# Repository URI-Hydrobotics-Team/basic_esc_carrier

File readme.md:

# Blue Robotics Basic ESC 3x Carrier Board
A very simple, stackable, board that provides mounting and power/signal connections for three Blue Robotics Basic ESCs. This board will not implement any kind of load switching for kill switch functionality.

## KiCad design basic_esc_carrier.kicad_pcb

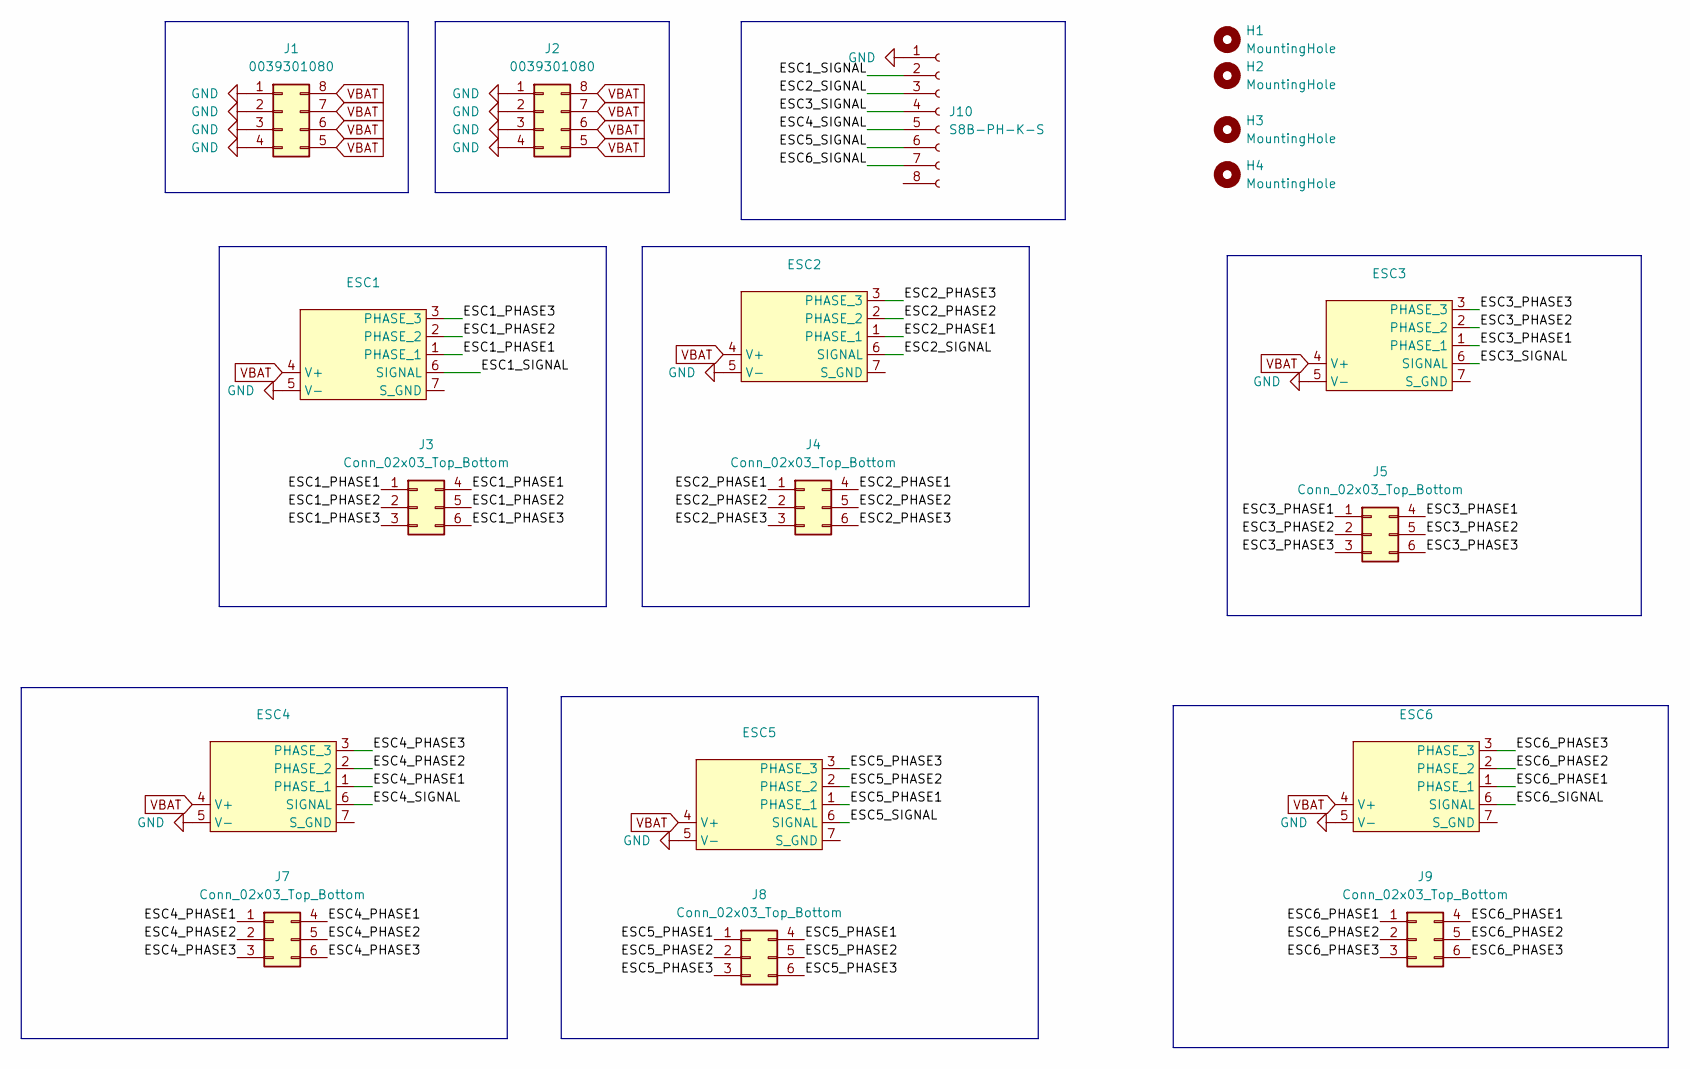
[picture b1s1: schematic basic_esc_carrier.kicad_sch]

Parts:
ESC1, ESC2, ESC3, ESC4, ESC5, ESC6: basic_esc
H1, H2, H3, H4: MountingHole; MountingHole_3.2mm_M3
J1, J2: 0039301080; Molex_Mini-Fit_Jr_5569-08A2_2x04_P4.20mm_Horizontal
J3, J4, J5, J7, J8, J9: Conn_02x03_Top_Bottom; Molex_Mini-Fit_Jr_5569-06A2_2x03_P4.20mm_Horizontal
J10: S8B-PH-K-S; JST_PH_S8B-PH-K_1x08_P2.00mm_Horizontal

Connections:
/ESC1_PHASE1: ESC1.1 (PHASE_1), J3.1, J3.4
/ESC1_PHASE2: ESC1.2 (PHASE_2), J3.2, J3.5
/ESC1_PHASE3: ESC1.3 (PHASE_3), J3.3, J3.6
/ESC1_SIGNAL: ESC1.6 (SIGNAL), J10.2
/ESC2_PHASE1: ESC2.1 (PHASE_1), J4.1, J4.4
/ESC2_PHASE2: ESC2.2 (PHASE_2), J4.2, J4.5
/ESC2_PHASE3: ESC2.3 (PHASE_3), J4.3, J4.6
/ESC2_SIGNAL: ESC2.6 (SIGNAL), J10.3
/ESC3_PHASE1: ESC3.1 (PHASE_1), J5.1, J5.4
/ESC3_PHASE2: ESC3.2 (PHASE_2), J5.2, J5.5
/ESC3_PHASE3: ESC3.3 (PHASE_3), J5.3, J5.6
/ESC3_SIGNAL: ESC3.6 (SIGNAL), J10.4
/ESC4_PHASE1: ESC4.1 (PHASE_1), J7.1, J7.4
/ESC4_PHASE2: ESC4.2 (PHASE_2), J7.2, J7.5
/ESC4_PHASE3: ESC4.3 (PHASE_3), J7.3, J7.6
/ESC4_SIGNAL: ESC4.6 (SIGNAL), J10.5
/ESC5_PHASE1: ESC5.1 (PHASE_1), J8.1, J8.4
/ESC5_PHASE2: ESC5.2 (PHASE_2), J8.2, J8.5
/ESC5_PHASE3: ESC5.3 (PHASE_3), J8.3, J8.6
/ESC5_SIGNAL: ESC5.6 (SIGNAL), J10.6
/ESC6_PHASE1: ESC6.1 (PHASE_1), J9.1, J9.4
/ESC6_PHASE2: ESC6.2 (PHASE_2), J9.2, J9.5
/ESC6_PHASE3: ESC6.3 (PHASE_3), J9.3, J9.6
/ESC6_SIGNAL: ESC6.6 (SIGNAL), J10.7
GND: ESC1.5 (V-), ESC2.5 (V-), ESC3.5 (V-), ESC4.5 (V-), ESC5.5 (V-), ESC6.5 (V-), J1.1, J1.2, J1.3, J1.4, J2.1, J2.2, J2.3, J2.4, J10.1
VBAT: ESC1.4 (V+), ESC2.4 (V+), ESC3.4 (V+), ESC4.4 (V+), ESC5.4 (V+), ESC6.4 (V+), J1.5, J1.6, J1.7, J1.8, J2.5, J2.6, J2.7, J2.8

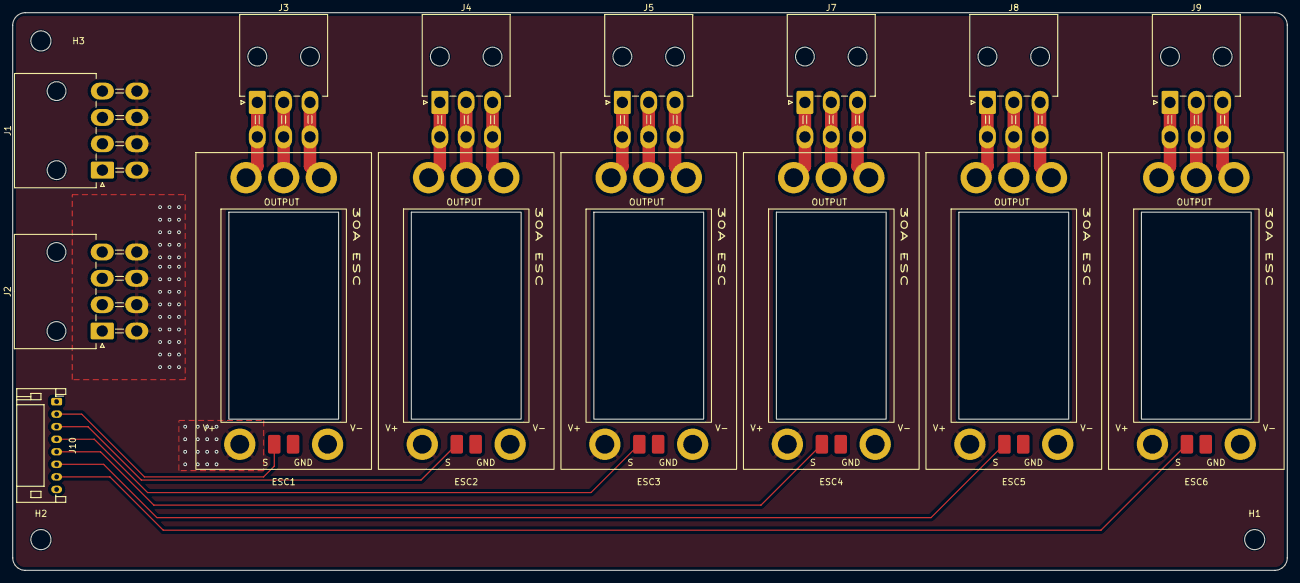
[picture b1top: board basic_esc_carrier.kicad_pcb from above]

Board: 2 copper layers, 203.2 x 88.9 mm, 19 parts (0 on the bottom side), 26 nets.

▬▬▬▬▬▬

> _TASK BRIEF_: Only the lines from the first line of the listing above through the line with "H1, H2, H3, H4: MountingHole;" should be set down, exactly and without pictures.

> _OUTPUT FOR THIS EXERCISE_:
# Repository URI-Hydrobotics-Team/basic_esc_carrier

File readme.md:

# Blue Robotics Basic ESC 3x Carrier Board
A very simple, stackable, board that provides mounting and power/signal connections for three Blue Robotics Basic ESCs. This board will not implement any kind of load switching for kill switch functionality.

## KiCad design basic_esc_carrier.kicad_pcb

[picture b1s1: schematic basic_esc_carrier.kicad_sch]

Parts:
ESC1, ESC2, ESC3, ESC4, ESC5, ESC6: basic_esc
H1, H2, H3, H4: MountingHole; MountingHole_3.2mm_M3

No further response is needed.